Say See 音外话

Jiabao Li, Steven Wilkinson, 2024

"SaySee" is a speech-to-video generative AI system that transforms spoken words in any language into visually emotive videos. By analyzing the emotional tone of speech, it converts this into a corresponding visual narrative. For instance, a political debate's intensity could be visualized in a dynamic comic book style with exclamation bubbles. News coverage of serious topics like war would evoke a somber black-and-white palette, capturing the gravity of the situation. Conversely, happy conversations would lead to bright and colorful videos. The video captures both the content and the underlying emotion beyond the words.

Upon entering the installation, participants simply press a button and start talking into the microphone. They can engage in a variety of spoken expressions, including conversations, monologues, debates, story games, speeches, confessions, and even singing. The AI then swiftly creates a short video representation of their speech, displayed across seven TV sets. Each TV then passes the previously generated video to the next TV. Together the seven TV sets orchestrate a film from the various voices of the participants.

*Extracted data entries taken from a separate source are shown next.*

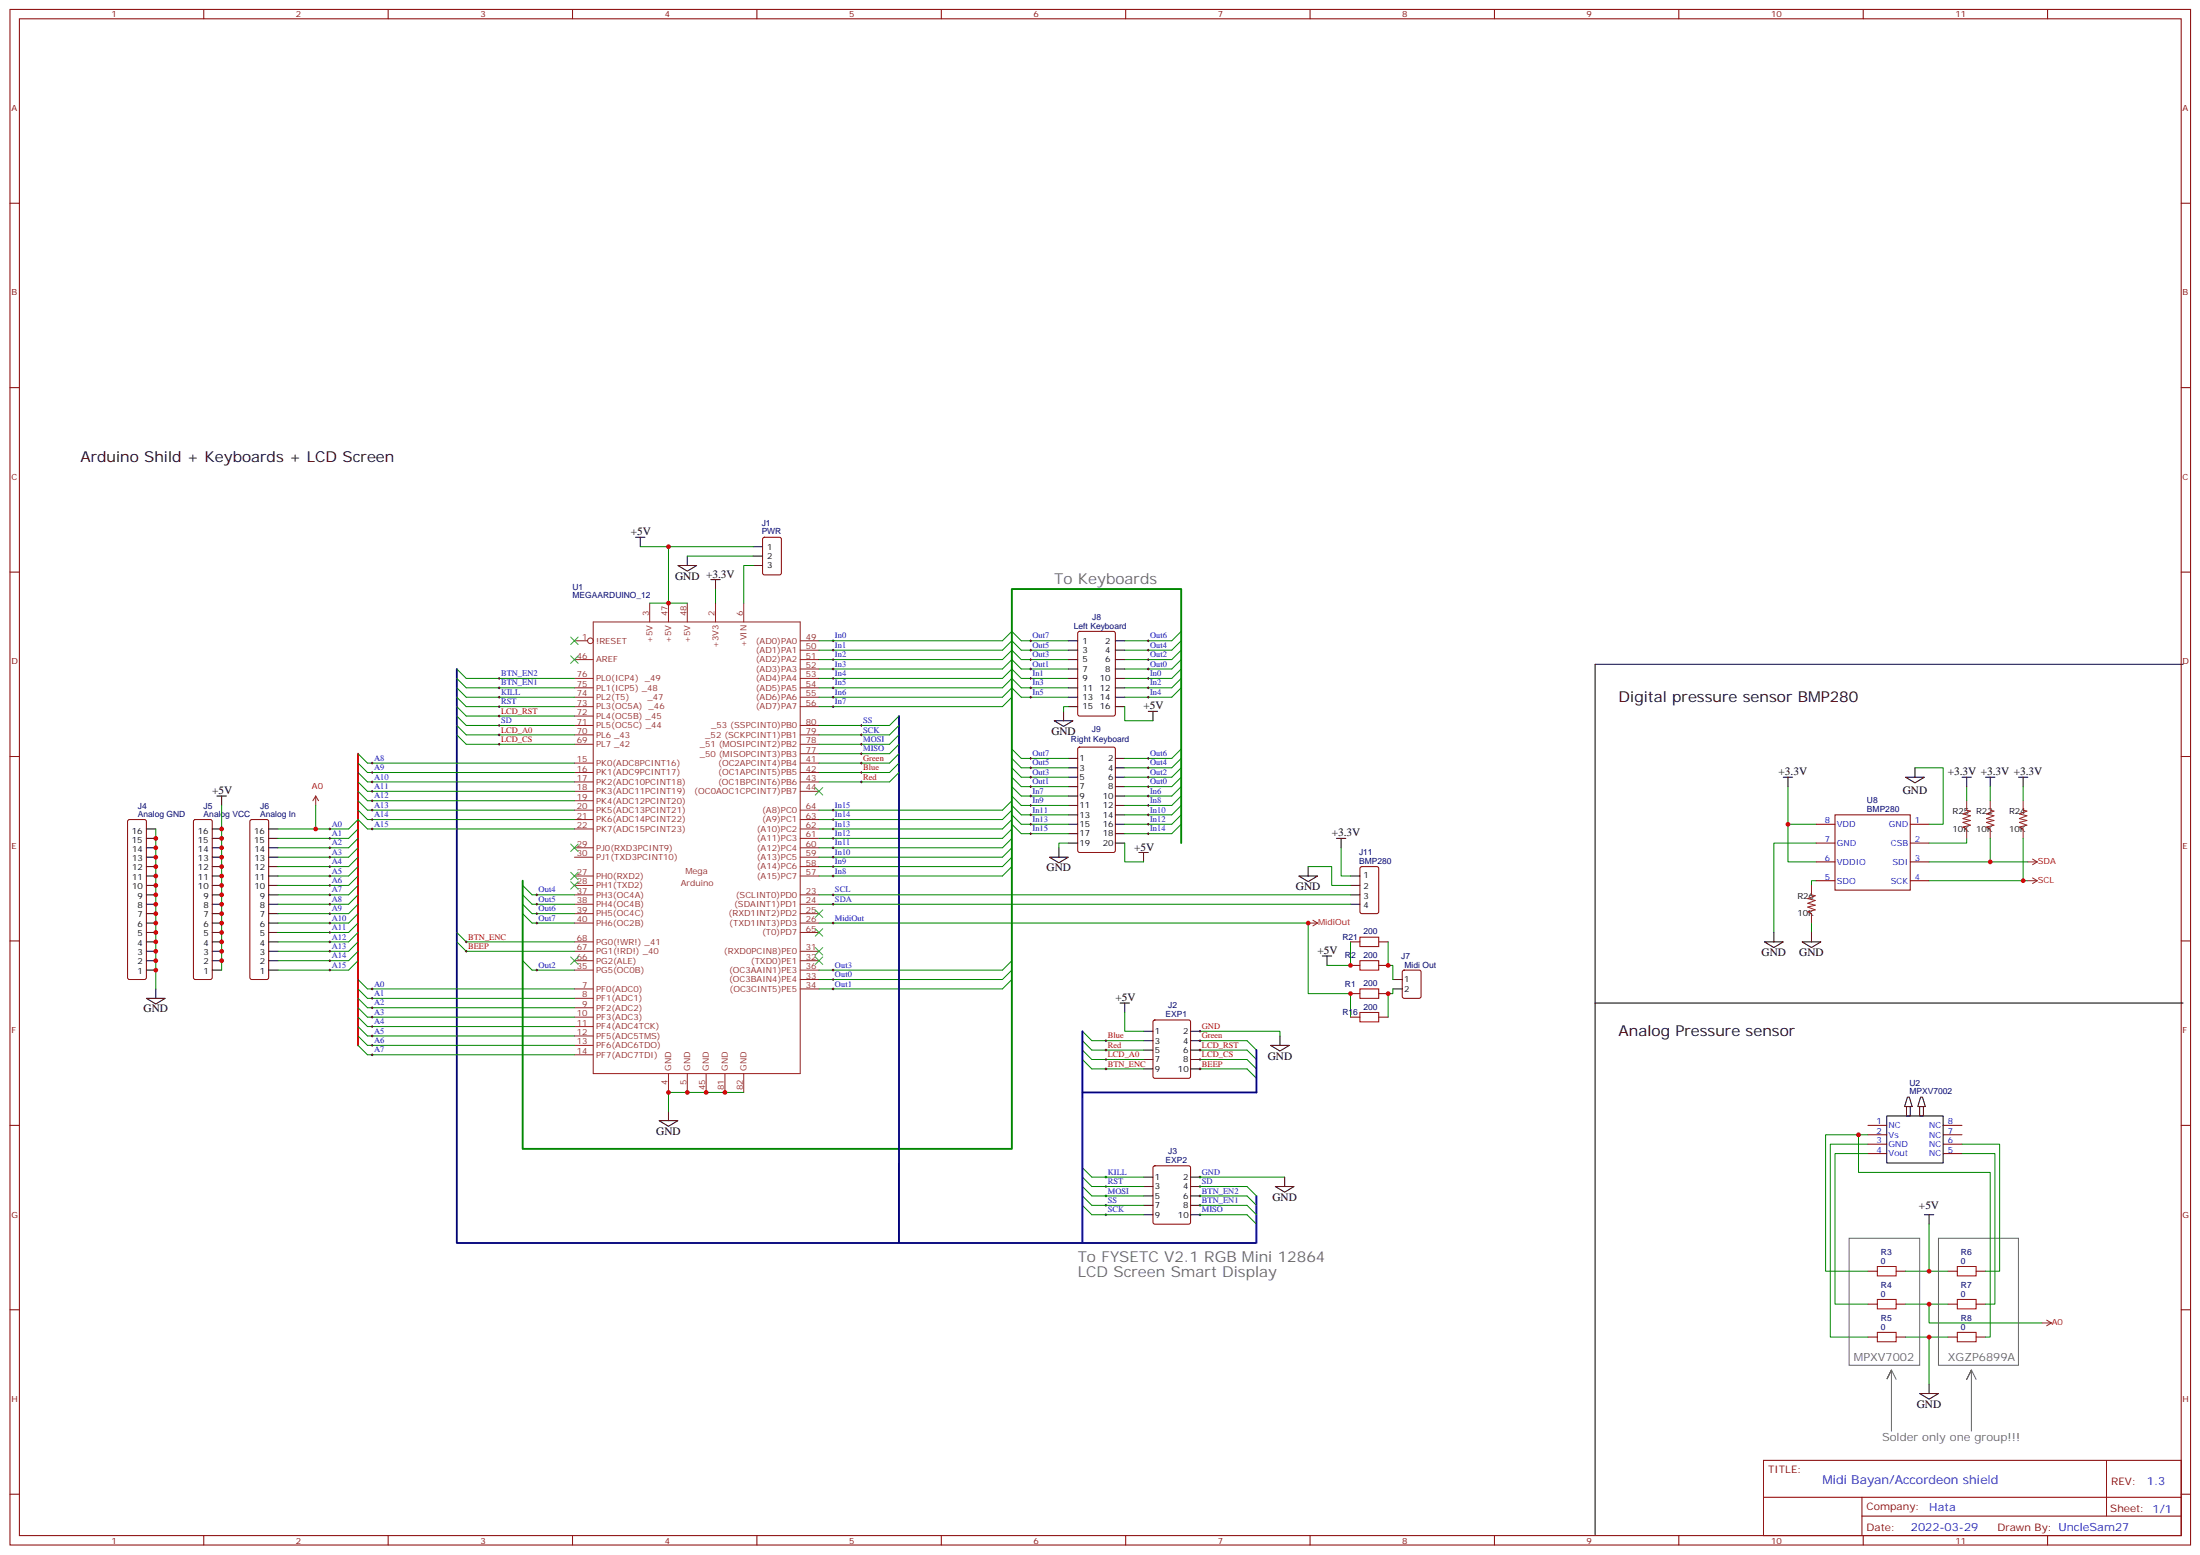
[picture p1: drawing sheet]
<svg xmlns="http://www.w3.org/2000/svg" width="825mm" height="583mm" viewBox="0 0 825 583" stroke-linecap="round" stroke-linejoin="round" font-family="sans-serif">
<g fill="none" stroke="#870000" stroke-width=".38">
<path d="M3.7 3.5h817.8v575.8h-817.8zM7.3 7.1h810.7v568.6h-810.7zM76.4 3.5v3.6M145.6 3.5v3.6M214.7 3.5v3.6M283.8 3.5v3.6M353 3.5v3.6M422.1 3.5v3.6M491.3 3.5v3.6M560.4 3.5v3.6M629.6 3.5v3.6M698.7 3.5v3.6"/>
<path d="M767.9 3.5v3.6M3.7 76.2h3.6M818 76.2h3.5M3.7 145.3h3.6M818 145.3h3.5M3.7 214.5h3.6M286.2 201.6l.5-.2h5.6l.7 .5v12.9l-.4 .7h-5.9l-.7-.4v-13zM818 214.5h3.5M404.4 236.9l.4-.2h12.7l.7 .4 .1 30.7-.5 .6-13 .1-.6-.5-.1-30.6zM3.7 283.6h3.6M404.4 280.3l.4-.2h12.7l.7 .4 .1 38.4-.5 .7h-13l-.6-.4-.1-38.4zM818 283.6h3.5"/>
<path d="M48.1 307.5l.4-.2h5.7l.5 .2 .2 .5v58.5l-.7 .7h-5.7l-.7-.7v-58.5zM72.8 307.5l.4-.2h5.7l.5 .2 .2 .5v58.5l-.7 .7h-5.7l-.7-.7v-58.5zM93.9 307.5l.5-.2h5.6l.5 .2 .3 .5v58.5l-.8 .7h-5.6l-.7-.7v-58.5zM681.1 309h7M681.1 316.1h7M688.1 305.5h28.3v28.2h-28.3zM716.4 309h7M716.4 316.1h7M510.2 325.1l.5-.2h5.6l.7 .4v16.5l-.4 .7h-5.9l-.7-.4v-16.5zM681.1 323.1h7M681.1 330.2h7M716.4 323.1h7"/>
<path d="M716.4 330.2h7M3.7 352.8h3.6M506.4 353.1h3.6M517 353.1h3.6M818 352.8h3.5M506.4 372.5h3.6M506.4 361.9h3.6M517 372.5h3.6M517 361.9h3.6M526.1 363.9l.5-.2h5.6l.7 .4v9.5l-.5 .6-5.8 .1-.7-.5v-9.4zM432.6 382.6l.5-.2h12.7l.6 .4 .1 20.8-.5 .6-12.9 .1-.7-.5v-20.7zM506.4 381.4h3.6"/>
<path d="M517 381.4h3.6M3.7 421.9h3.6M432.6 437.3l.5-.2h12.7l.6 .4 .1 20.8-.5 .6-12.9 .1-.7-.5v-20.7zM700.5 421.9h7M700.5 425.4h7M700.5 429h7M700.5 432.5h7M728.7 421.9h7.1M728.7 425.4h7.1M728.7 429h7.1M728.7 432.5h7.1M818 421.9h3.5"/>
<path d="M700.5 476.6h3.5M711.1 476.6h3.5M730.5 476.6h3.5M741 476.6h3.6M3.7 491.1h3.6M700.5 488.9h3.5M711.1 488.9h3.5M730.5 488.9h3.5M741 488.9h3.6M818 491.1h3.5M700.5 501.3h3.5M711.1 501.3h3.5"/>
<path d="M730.5 501.3h3.5M741 501.3h3.6M661.3 547.5h156.7v28.2h-156.7zM789.9 547.5l.1 20.9M3.7 560.2h3.6M76.4 575.7v3.6M145.6 575.7v3.6M214.7 575.7v3.6M283.8 575.7v3.6M353 575.7v3.6M422.1 575.7v3.6M491.3 575.7v3.6"/>
<path d="M560.4 575.7v3.6M629.6 575.7v3.6M661.4 561.4h156.4M698.2 568.4h119.6M698.2 561.4v14.1M698.7 575.7v3.6M767.9 575.7v3.6M818 560.2h3.5"/>
</g>
<g fill="none" stroke="#8c2424" stroke-width=".38">
<path d="M222.5 233.2h77.6v169.3h-77.6zM243.6 226.1v7.1M250.7 226.1v7.1M257.7 226.1v7.1M268.3 226.1v7.1M278.9 226.1v7.1M215.4 257.9h7.1M215.4 254.4h7.1M215.4 247.3h7.1M215.4 240.2h4.9M300.1 257.9h7M300.1 254.4h7"/>
<path d="M300.1 250.8h7M300.1 247.3h7M300.1 243.8h7M300.1 240.2h7M215.4 264.9h7.1M215.4 261.4h7.1M215.4 275.5h7.1M215.4 272h7.1M215.4 268.5h7.1M215.4 279h7.1M300.1 264.9h7M300.1 261.4h7"/>
<path d="M300.1 275.5h7M300.1 272h7M300.1 279h7M118.4 298.4v3.6M118.4 298.4l1.1 1.8M118.4 298.4l-1.1 1.8M215.4 286.1h7.1M215.4 289.6h7.1M215.4 293.2h7.1M215.4 296.7h7.1M300.1 282.6h7M300.1 286.1h7"/>
<path d="M300.1 289.6h7M300.1 293.2h7M300.1 296.7h7M215.4 317.9h7.1M215.4 300.2h7.1M215.4 303.7h7.1M215.4 307.3h7.1M215.4 310.8h7.1M300.1 317.9h7M300.1 303.7h7M300.1 307.3h7M300.1 310.8h7"/>
<path d="M300.1 314.3h7M737.5 300.2v3.5l1.4 .4-2.8 1.1 2.8 .7-2.8 1 2.8 .7-2.8 .7 2.8 1.1-2.8 .7 1.4 .7v3.5M746.3 300.2v3.5l1.4 .4-2.8 1.1 2.8 .7-2.8 1 2.8 .7-2.8 .7 2.8 1.1-2.8 .7 1.4 .7v3.5M758.7 300.2v3.5l1.4 .4-2.8 1.1 2.8 .7-2.8 1 2.8 .7-2.8 .7 2.8 1.1-2.8 .7 1.4 .7v3.5M215.4 328.4h7.1M215.4 332h7.1M215.4 339h7.1M215.4 321.4h7.1M215.4 335.5h7.1M300.1 328.4h7M300.1 339h7M300.1 321.4h7"/>
<path d="M300.1 324.9h7M300.1 335.5h7M679.3 332v3.5l1.4 .3-2.8 1.1 2.8 .7-2.8 1.1 2.8 .7-2.8 .7 2.8 1-2.8 .7 1.4 .7v3.6M760.4 323.1h3.6M760.4 330.2h3.6M762.2 322.1l1.8 1M762.2 329.1l1.8 1.1M764 323.1l-1.8 1.1M764 330.2l-1.8 1.1M215.4 342.5h7.1M215.4 346.1h7.1M215.4 356.7h7.1"/>
<path d="M215.4 353.1h7.1M300.1 342.5h7M300.1 346.1h7M300.1 349.6h7M300.1 356.7h7M490.6 346.1h3.5M492.3 345l1.8 1.1M494.1 346.1l-1.8 1M215.4 370.8h7.1M215.4 377.8h7.1M215.4 374.3h7.1M215.4 360.2h7.1"/>
<path d="M215.4 363.7h7.1M300.1 370.8h7M300.1 360.2h7M300.1 363.7h7M300.1 367.2h7M215.4 384.9h7.1M215.4 381.4h7.1M215.4 388.4h7.1M215.4 391.9h7.1M215.4 395.5h7.1M250.7 402.5v7.1M257.7 402.5v7.1"/>
<path d="M264.8 402.5v7.1M271.9 402.5v7.1M278.9 402.5v7.1M765.7 496h3.6M767.5 494.9l1.8 1.1M769.3 496l-1.8 1.1"/>
<circle cx="221.4" cy="240.2" r="1.06"/>
</g>
<g fill="none" stroke="#008700" stroke-width=".38">
<path d="M240.1 205h10.6M257.7 208.5h24.7M282.4 205h-31.7v21.1M282.4 212h-3.5v14.1M243.6 226.1h14.1M268.3 220.8v5.3M442.9 236.7l-3.5 3.5h-17.6M171.3 250.8l3.5 3.6h40.6M171.3 254.4l3.5 3.5h40.6M171.3 257.9l3.5 3.5h40.6M307.1 240.2h68.8l3.5-3.5 3.6 3.5h17.6M307.1 243.8h68.8l3.5-3.6 3.6 3.6h17.6"/>
<path d="M307.1 247.3h68.8l3.5-3.5 3.6 3.5h17.6M307.1 250.8h68.8l3.5-3.5 3.6 3.5h17.6M307.1 254.4h68.8l3.5-3.6 3.6 3.6h17.6M307.1 257.9h68.8l3.5-3.5 3.6 3.5h17.6M442.9 240.2l-3.5 3.6h-17.6M442.9 243.8l-3.5 3.5h-17.6M442.9 247.3l-3.5 3.5h-17.6M442.9 250.8l-3.5 3.6h-17.6M442.9 254.4l-3.5 3.5h-17.6M442.9 257.9l-3.5 3.5h-17.6M171.3 261.4l3.5 3.5h40.6M171.3 264.9l3.5 3.6h40.6"/>
<path d="M171.3 268.5l3.5 3.5h40.6M171.3 272l3.5 3.5h40.6M171.3 275.5l3.5 3.5h40.6M307.1 261.4h68.8l3.5-3.5 3.6 3.5h17.6M337.1 275.5l-3.5 3.5h-26.5M337.1 272l-3.5 3.5h-26.5M337.1 268.5l-3.5 3.5h-26.5M337.1 279l-3.5 3.6h-26.5M379.4 261.4l-3.5 3.5h-68.8M400.6 264.9h-1.7v1.8M421.8 264.9v5.3h10.6M134.3 282.6l3.5 3.5h77.6"/>
<path d="M134.3 286.1l3.5 3.5h77.6M134.3 289.6l3.5 3.6h77.6M134.3 293.2l3.5 3.5h77.6M134.3 296.7l3.5 3.5h77.6M337.1 282.6l-3.5 3.5h-26.5M337.1 286.1l-3.5 3.5h-26.5M337.1 289.6l-3.5 3.6h-26.5M379.4 294.9l3.6 3.5h17.6M379.4 298.4l3.6 3.6h17.6M379.4 287.9l3.6 3.5h17.6M379.4 291.4l3.6 3.5h17.6M379.4 284.3l3.6 3.6h17.6"/>
<path d="M379.4 280.8l3.6 3.5h17.6M442.9 280.8l-3.5 3.5h-17.6M442.9 284.3l-3.5 3.6h-17.6M442.9 287.9l-3.5 3.5h-17.6M442.9 291.4l-3.5 3.5h-17.6M442.9 294.9l-3.5 3.5h-17.6M442.9 298.4l-3.5 3.6h-17.6M670.5 294.9v14.1h10.6M718.1 287.9h10.6v21.1h-5.3M737.5 294.9v5.3M746.3 294.9v5.3M758.7 294.9v5.3"/>
<path d="M58.4 310.8v60M83.1 302v61.7M104.3 310.8h26.4l3.6-3.5 3.5 3.5h77.6M118.4 302v8.8M134.3 300.2l3.5 3.5h77.6M134.3 303.7l3.5 3.6h77.6M134.3 310.8l-3.6 3.5h-26.4M134.3 314.3l-3.6 3.6h-26.4M134.3 317.9l-3.6 3.5h-26.4M379.4 300.2l-3.5 3.5h-68.8M379.4 303.7l-3.5 3.6h-68.8M379.4 307.3l-3.5 3.5h-68.8"/>
<path d="M379.4 310.8l-3.5 3.5h-68.8M379.4 314.3l-3.5 3.6h-68.8M379.4 317.9l-3.5 3.5h-68.8M379.4 302l3.6 3.5h17.6M379.4 305.5l3.6 3.5h17.6M379.4 309l3.6 3.6h17.6M400.6 316.1h-3.5v1.8M421.8 316.1v7h7M442.9 302l-3.5 3.5h-17.6M442.9 305.5l-3.5 3.5h-17.6M442.9 309l-3.5 3.6h-17.6M502.9 317.9v10.5h3.5"/>
<path d="M670.5 309v14.1h10.6M681.1 316.1h-15.9v33.5M737.5 314.3v1.8h-14.1M746.3 314.3v8.8M758.7 314.3v15.9M134.3 321.4l-3.6 3.5h-26.4M134.3 324.9l-3.6 3.5h-26.4M134.3 332l-3.6 3.5h-26.4M134.3 335.5l-3.6 3.5h-26.4M134.3 339l-3.6 3.5h-26.4M134.3 328.4l-3.6 3.6h-26.4M196 332l3.5 3.5h15.9"/>
<path d="M196 335.5l3.5 3.5h15.9M196 339l3.5 3.5h15.9M307.1 335.5h199.3M307.1 339h199.3M379.4 321.4l-3.5 3.5h-68.8M379.4 324.9l-3.5 3.5h-68.8M490.6 324.9h8.8v7.1h7M681.1 330.2h-1.8v1.8M723.4 323.1h37M723.4 330.2h37M134.3 342.5l-3.6 3.6h-26.4M134.3 349.6l-3.6 3.5h-26.4"/>
<path d="M134.3 353.1l-3.6 3.6h-26.4M134.3 356.7l-3.6 3.5h-26.4M134.3 346.1l-3.6 3.5h-26.4M171.3 353.1l3.5 3.6h40.6M171.3 349.6l3.5 3.5h40.6M196 342.5l3.5 3.6h15.9M307.1 346.1h183.5v26.4h15.8v8.9M506.4 353.1v8.8h-8.8M520.6 353.1v8.8h1.7v5.3M679.3 346.1v3.5M134.3 367.2l3.5 3.6h77.6M134.3 360.2l-3.6 3.5h-26.4"/>
<path d="M134.3 377.8l3.5 3.6h77.6M134.3 374.3l3.5 3.5h77.6M134.3 370.8l3.5 3.5h77.6M196 360.2l3.5 3.5h15.9M379.4 363.7l-3.5 3.5h-68.8M379.4 367.2l-3.5 3.6h-68.8M379.4 360.2l-3.5 3.5h-68.8M421.8 379.6v7h7M522.3 370.8v1.7h-1.7v8.9M134.3 381.4l3.5 3.5h77.6M134.3 384.9l3.5 3.5h77.6M134.3 388.4l3.5 3.5h77.6"/>
<path d="M134.3 391.9l3.5 3.6h77.6M405.9 386.6l3.5 3.6h19.4M405.9 390.2l3.5 3.5h19.4M405.9 393.7l3.5 3.5h19.4M405.9 397.2l3.5 3.6h19.4M450 386.6h30v1.8M450 390.2h17.6l3.6 3.5M450 393.7h17.6l3.6 3.5M450 397.2h17.6l3.6 3.6M278.9 409.6h-28.2v7M450 400.8h17.6l3.6 3.5M405.9 437.8l3.5 3.5h19.4"/>
<path d="M696.9 425.4v14.2h49.4v61.7h-1.7M700.5 429h-14.1v72.3h14.1M700.5 432.5h-12.4v56.4h12.4M700.5 425.4h-15.9v51.2h15.9M735.8 432.5h12.3v56.4h-3.5M735.8 429h14.1v47.6h-5.3M405.9 451.9l3.5 3.5h19.4M405.9 448.4l3.5 3.5h19.4M405.9 444.9l3.5 3.5h19.4M405.9 441.3l3.5 3.6h19.4M450 455.4h17.6l3.6 3.6M450 451.9h17.6l3.6 3.5"/>
<path d="M450 448.4h17.6l3.6 3.5M450 444.9h17.6l3.6 3.5M450 441.3h31.8M723.4 459v17.6M714.6 476.6h15.9M714.6 488.9h15.9M723.4 488.9v7.1h42.3M714.6 501.3h15.9M723.4 501.3v17.6"/>
</g>
<g fill="none" stroke="#000" stroke-width=".38">
<path d="M238.3 201.4h3.6M240.1 201.4v3.6M254.2 212h7.1l-3.6 2.1zM257.7 208.5v3.5M266.6 217.3h3.5M268.3 217.3v3.5M282.4 212h3.6M282.4 205h3.6M282.4 208.5h3.6M312.4 239.9v.7M386.5 239.9v.7M430.6 239.9v.7"/>
<path d="M186.8 257.9h.7M186.8 254.4h.7M187.2 254v.7M187.2 257.5v.7M312.1 240.2h.7M312.1 243.8h.7M312.1 250.8h.7M312.1 247.3h.7M312.1 257.9h.7M312.1 254.4h.7M312.4 243.4v.7M312.4 246.9v.7"/>
<path d="M312.4 250.5v.7M312.4 254v.7M312.4 257.5v.7M386.2 240.2h.7M386.2 243.8h.7M386.2 250.8h.7M386.2 247.3h.7M386.2 257.9h.7M386.2 254.4h.7M386.5 243.4v.7M386.5 246.9v.7M386.5 250.5v.7"/>
<path d="M386.5 254v.7M386.5 257.5v.7M400.6 240.2h3.5M400.6 243.8h3.5M400.6 250.8h3.5M400.6 247.3h3.5M400.6 257.9h3.5M400.6 254.4h3.5M418.3 240.2h3.5M418.3 243.8h3.5M418.3 250.8h3.5M418.3 247.3h3.5"/>
<path d="M418.3 257.9h3.5M418.3 254.4h3.5M430.2 240.2h.8M430.2 243.8h.8M430.2 250.8h.8M430.2 247.3h.8M430.2 257.9h.8M430.2 254.4h.8M430.6 243.4v.7M430.6 246.9v.7M430.6 250.5v.7M430.6 254v.7"/>
<path d="M430.6 257.5v.7M818.7 249.1h-220.5v326.3M186.8 264.9h.7M186.8 261.4h.7M186.8 279h.7M186.8 275.5h.7M186.8 268.5h.7M186.8 272h.7M187.2 261.1v.7M187.2 264.6v.7M187.2 268.1v.7M187.2 271.6v.7"/>
<path d="M187.2 275.2v.7M187.2 278.7v.7M312.1 264.9h.7M312.1 261.4h.7M312.4 261.1v.7M312.4 264.6v.7M322.7 279h.7M322.7 275.5h.7M322.7 272h.7M323 271.6v.7M323 275.2v.7M323 278.7v.7"/>
<path d="M386.2 261.4h.7M386.5 261.1v.7M395.3 270.2h7.1l-3.5 2.1zM398.9 266.7v3.5M400.6 264.9h3.5M400.6 261.4h3.5M418.3 264.9h3.5M418.3 261.4h3.5M430.2 261.4h.8M430.6 261.1v.7M430.6 266.7h3.5M432.4 266.7v3.5"/>
<path d="M81.4 298.4h3.5M83.1 298.4v3.6M139.2 286.1h.7M139.2 289.6h.7M139.2 293.2h.7M139.2 296.7h.7M139.6 285.7v.8M139.6 289.3v.7M139.6 292.8v.7M139.6 296.3v.7M139.6 299.9v.7M322.7 286.1h.7"/>
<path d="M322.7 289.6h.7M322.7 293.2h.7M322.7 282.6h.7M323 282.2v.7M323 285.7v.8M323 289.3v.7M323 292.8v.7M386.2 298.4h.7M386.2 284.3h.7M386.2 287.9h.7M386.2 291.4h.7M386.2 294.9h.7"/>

We also trained SaySee on custom datasets such as glaciers, bats, and dead birds caused by industrial pollution. For each unique SaySee, the generated video will be based on that dataset. For example, if you talk to SaySee#deadbirds, no matter how happy your story is, the generated video will be related to dead birds.

《音外话》是一个语音至视频生成人工智能系统，它将口语转化为充满情感的视觉影像。此系统分析语言中的情感色彩，并将之转换成相应的视觉叙事。例如，激烈的政治辩论会是暴漫风，报道世界苦难严肃的新闻则是忧郁的黑白色调。相反，愉快的对话会转变为明亮且多彩的视频。视频不仅捕捉言语的内容，还捕捉了文字背后的潜在情感。

参与者进入装置后，请按下按钮并开始在麦克风上讲话。你可以进行对话、独白、辩论、故事接龙、演讲、自白等。3分钟后，人工智能会根据你说的话和情感绘制出视频。你也可以看到由此之前的其他参与者的话绘制出的视频。